You are asked to filter the data below and copy every line holding "ezdxf".

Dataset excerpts
_ _ _

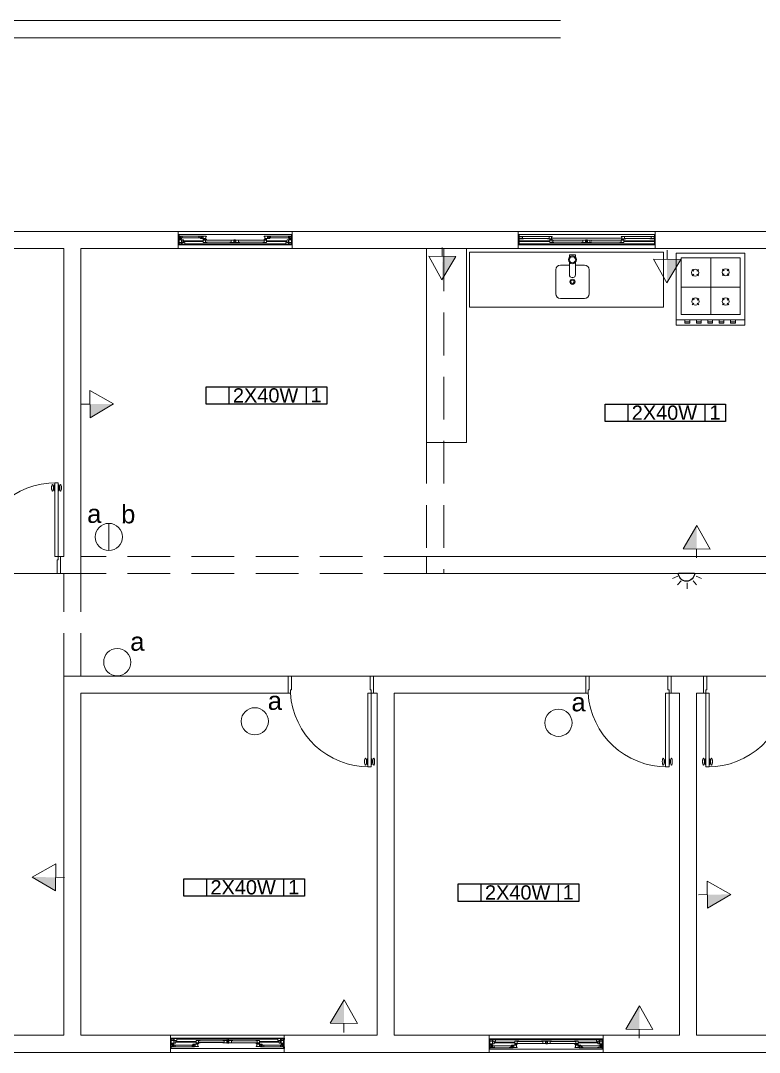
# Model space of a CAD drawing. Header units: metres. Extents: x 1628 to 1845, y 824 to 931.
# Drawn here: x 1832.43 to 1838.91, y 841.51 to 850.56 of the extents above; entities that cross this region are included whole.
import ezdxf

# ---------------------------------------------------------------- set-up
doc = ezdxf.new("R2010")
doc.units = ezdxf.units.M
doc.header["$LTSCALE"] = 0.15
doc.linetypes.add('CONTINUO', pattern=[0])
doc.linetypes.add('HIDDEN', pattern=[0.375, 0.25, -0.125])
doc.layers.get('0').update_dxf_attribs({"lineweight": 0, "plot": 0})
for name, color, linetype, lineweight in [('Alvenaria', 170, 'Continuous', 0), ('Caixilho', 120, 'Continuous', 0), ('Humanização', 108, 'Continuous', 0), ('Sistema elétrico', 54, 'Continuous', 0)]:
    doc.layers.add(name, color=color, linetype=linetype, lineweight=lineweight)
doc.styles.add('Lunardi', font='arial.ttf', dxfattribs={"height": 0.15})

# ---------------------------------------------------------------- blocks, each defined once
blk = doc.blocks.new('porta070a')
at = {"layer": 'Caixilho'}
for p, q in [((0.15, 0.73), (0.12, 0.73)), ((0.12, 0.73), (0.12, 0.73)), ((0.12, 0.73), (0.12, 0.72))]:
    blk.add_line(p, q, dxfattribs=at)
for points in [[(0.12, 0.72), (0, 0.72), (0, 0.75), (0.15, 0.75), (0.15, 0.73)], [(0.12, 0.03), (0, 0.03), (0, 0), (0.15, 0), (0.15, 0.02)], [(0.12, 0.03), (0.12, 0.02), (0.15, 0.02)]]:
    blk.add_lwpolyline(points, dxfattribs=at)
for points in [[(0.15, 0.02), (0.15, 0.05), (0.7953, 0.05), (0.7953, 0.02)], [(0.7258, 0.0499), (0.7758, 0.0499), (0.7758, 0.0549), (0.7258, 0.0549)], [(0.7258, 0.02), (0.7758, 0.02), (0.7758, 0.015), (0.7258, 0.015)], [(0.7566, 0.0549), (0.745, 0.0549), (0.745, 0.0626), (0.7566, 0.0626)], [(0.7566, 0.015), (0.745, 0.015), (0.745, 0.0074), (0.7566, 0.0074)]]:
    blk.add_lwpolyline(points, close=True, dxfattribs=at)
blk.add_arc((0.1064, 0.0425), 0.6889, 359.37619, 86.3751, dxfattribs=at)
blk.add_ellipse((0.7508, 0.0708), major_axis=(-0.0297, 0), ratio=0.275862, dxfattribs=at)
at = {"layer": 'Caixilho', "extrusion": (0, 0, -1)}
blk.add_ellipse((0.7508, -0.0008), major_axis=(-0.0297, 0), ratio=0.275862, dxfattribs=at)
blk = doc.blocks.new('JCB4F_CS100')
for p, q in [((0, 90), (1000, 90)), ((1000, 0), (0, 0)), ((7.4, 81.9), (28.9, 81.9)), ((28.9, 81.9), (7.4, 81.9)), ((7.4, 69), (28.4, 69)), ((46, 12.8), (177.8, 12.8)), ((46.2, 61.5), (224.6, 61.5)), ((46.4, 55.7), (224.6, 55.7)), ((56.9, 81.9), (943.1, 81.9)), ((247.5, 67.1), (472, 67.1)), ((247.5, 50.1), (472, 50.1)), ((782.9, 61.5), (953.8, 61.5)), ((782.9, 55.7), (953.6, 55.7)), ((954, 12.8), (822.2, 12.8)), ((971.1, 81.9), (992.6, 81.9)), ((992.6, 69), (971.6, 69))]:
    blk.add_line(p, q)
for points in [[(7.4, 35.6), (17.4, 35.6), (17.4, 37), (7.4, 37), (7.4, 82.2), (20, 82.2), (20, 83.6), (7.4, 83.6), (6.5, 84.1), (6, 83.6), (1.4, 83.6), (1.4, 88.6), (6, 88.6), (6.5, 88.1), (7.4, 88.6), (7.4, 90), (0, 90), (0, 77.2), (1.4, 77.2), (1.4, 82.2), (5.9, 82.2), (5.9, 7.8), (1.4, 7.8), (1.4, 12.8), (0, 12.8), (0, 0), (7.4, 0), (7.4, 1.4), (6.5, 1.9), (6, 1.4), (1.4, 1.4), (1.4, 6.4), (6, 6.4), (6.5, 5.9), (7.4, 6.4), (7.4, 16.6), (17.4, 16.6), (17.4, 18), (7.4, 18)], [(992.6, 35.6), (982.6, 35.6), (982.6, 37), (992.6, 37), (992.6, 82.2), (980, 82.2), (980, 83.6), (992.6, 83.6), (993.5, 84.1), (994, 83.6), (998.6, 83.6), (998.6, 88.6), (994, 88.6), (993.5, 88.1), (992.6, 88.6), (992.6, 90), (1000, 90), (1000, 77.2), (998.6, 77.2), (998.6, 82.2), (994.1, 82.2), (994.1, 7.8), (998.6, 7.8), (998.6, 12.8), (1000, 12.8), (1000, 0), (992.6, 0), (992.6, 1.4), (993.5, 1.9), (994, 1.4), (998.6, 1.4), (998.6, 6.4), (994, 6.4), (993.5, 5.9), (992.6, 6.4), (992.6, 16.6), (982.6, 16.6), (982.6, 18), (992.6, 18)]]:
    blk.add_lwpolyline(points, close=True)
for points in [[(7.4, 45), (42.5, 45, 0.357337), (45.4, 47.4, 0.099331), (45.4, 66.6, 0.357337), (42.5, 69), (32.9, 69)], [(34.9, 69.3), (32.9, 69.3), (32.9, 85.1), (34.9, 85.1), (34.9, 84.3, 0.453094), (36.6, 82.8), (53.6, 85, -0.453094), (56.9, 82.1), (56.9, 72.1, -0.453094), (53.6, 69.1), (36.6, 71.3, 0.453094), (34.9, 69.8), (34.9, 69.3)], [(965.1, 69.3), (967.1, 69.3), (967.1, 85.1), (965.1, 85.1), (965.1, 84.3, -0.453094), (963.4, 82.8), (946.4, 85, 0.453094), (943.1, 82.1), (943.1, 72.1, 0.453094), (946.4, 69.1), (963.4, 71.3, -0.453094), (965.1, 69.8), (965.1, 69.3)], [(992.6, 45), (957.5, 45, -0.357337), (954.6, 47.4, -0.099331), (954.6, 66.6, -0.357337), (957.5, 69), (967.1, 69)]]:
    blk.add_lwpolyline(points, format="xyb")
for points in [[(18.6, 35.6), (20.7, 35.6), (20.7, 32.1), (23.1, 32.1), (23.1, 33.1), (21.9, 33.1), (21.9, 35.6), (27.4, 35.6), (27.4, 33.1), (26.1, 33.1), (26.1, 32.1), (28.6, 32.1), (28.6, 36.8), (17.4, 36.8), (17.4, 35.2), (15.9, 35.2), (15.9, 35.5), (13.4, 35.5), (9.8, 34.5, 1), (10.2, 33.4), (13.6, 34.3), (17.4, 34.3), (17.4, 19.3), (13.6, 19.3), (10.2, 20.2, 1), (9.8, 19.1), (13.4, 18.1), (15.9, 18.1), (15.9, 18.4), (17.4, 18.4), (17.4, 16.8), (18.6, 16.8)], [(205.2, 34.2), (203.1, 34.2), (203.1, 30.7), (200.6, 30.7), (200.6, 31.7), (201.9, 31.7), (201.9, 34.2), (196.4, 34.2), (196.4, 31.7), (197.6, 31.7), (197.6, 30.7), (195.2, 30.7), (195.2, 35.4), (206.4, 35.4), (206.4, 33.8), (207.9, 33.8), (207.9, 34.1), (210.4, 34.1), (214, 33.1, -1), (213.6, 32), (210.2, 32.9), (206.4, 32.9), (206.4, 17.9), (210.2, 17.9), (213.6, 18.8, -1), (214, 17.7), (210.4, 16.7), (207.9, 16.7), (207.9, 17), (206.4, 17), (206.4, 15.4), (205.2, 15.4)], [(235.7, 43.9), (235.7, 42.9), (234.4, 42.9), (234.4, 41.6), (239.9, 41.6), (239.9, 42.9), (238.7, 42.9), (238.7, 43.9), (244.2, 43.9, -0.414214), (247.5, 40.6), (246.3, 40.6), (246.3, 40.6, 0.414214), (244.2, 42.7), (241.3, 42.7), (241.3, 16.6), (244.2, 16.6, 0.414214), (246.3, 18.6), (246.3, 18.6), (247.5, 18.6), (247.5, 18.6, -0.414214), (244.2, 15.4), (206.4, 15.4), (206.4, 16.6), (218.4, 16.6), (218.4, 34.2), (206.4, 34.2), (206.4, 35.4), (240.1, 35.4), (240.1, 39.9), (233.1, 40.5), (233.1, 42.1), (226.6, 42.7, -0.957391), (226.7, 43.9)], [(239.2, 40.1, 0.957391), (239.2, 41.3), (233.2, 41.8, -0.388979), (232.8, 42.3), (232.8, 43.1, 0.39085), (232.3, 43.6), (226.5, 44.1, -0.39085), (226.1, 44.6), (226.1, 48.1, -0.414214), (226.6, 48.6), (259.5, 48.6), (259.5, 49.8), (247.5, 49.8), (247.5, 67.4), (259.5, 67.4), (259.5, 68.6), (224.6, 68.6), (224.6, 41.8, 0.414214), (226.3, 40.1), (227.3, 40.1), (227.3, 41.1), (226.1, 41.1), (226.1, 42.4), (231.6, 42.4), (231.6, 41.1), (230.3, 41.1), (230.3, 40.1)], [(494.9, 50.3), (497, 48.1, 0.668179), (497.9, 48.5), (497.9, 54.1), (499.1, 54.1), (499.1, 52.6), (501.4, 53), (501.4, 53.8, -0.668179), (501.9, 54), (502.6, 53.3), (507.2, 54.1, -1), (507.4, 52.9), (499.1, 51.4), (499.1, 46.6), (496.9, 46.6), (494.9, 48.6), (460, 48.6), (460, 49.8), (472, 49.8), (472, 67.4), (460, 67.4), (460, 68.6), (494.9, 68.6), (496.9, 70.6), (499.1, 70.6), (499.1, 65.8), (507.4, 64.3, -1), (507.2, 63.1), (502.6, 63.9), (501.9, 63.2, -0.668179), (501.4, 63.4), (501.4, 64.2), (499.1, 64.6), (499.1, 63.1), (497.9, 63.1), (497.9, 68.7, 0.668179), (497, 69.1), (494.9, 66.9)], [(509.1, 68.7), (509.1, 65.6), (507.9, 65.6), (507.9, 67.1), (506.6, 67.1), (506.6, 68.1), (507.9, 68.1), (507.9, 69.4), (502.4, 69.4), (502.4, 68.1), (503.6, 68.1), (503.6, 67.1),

_ _ _

RESPONSE.
import ezdxf
doc = ezdxf.new("R2010")
doc.units = ezdxf.units.M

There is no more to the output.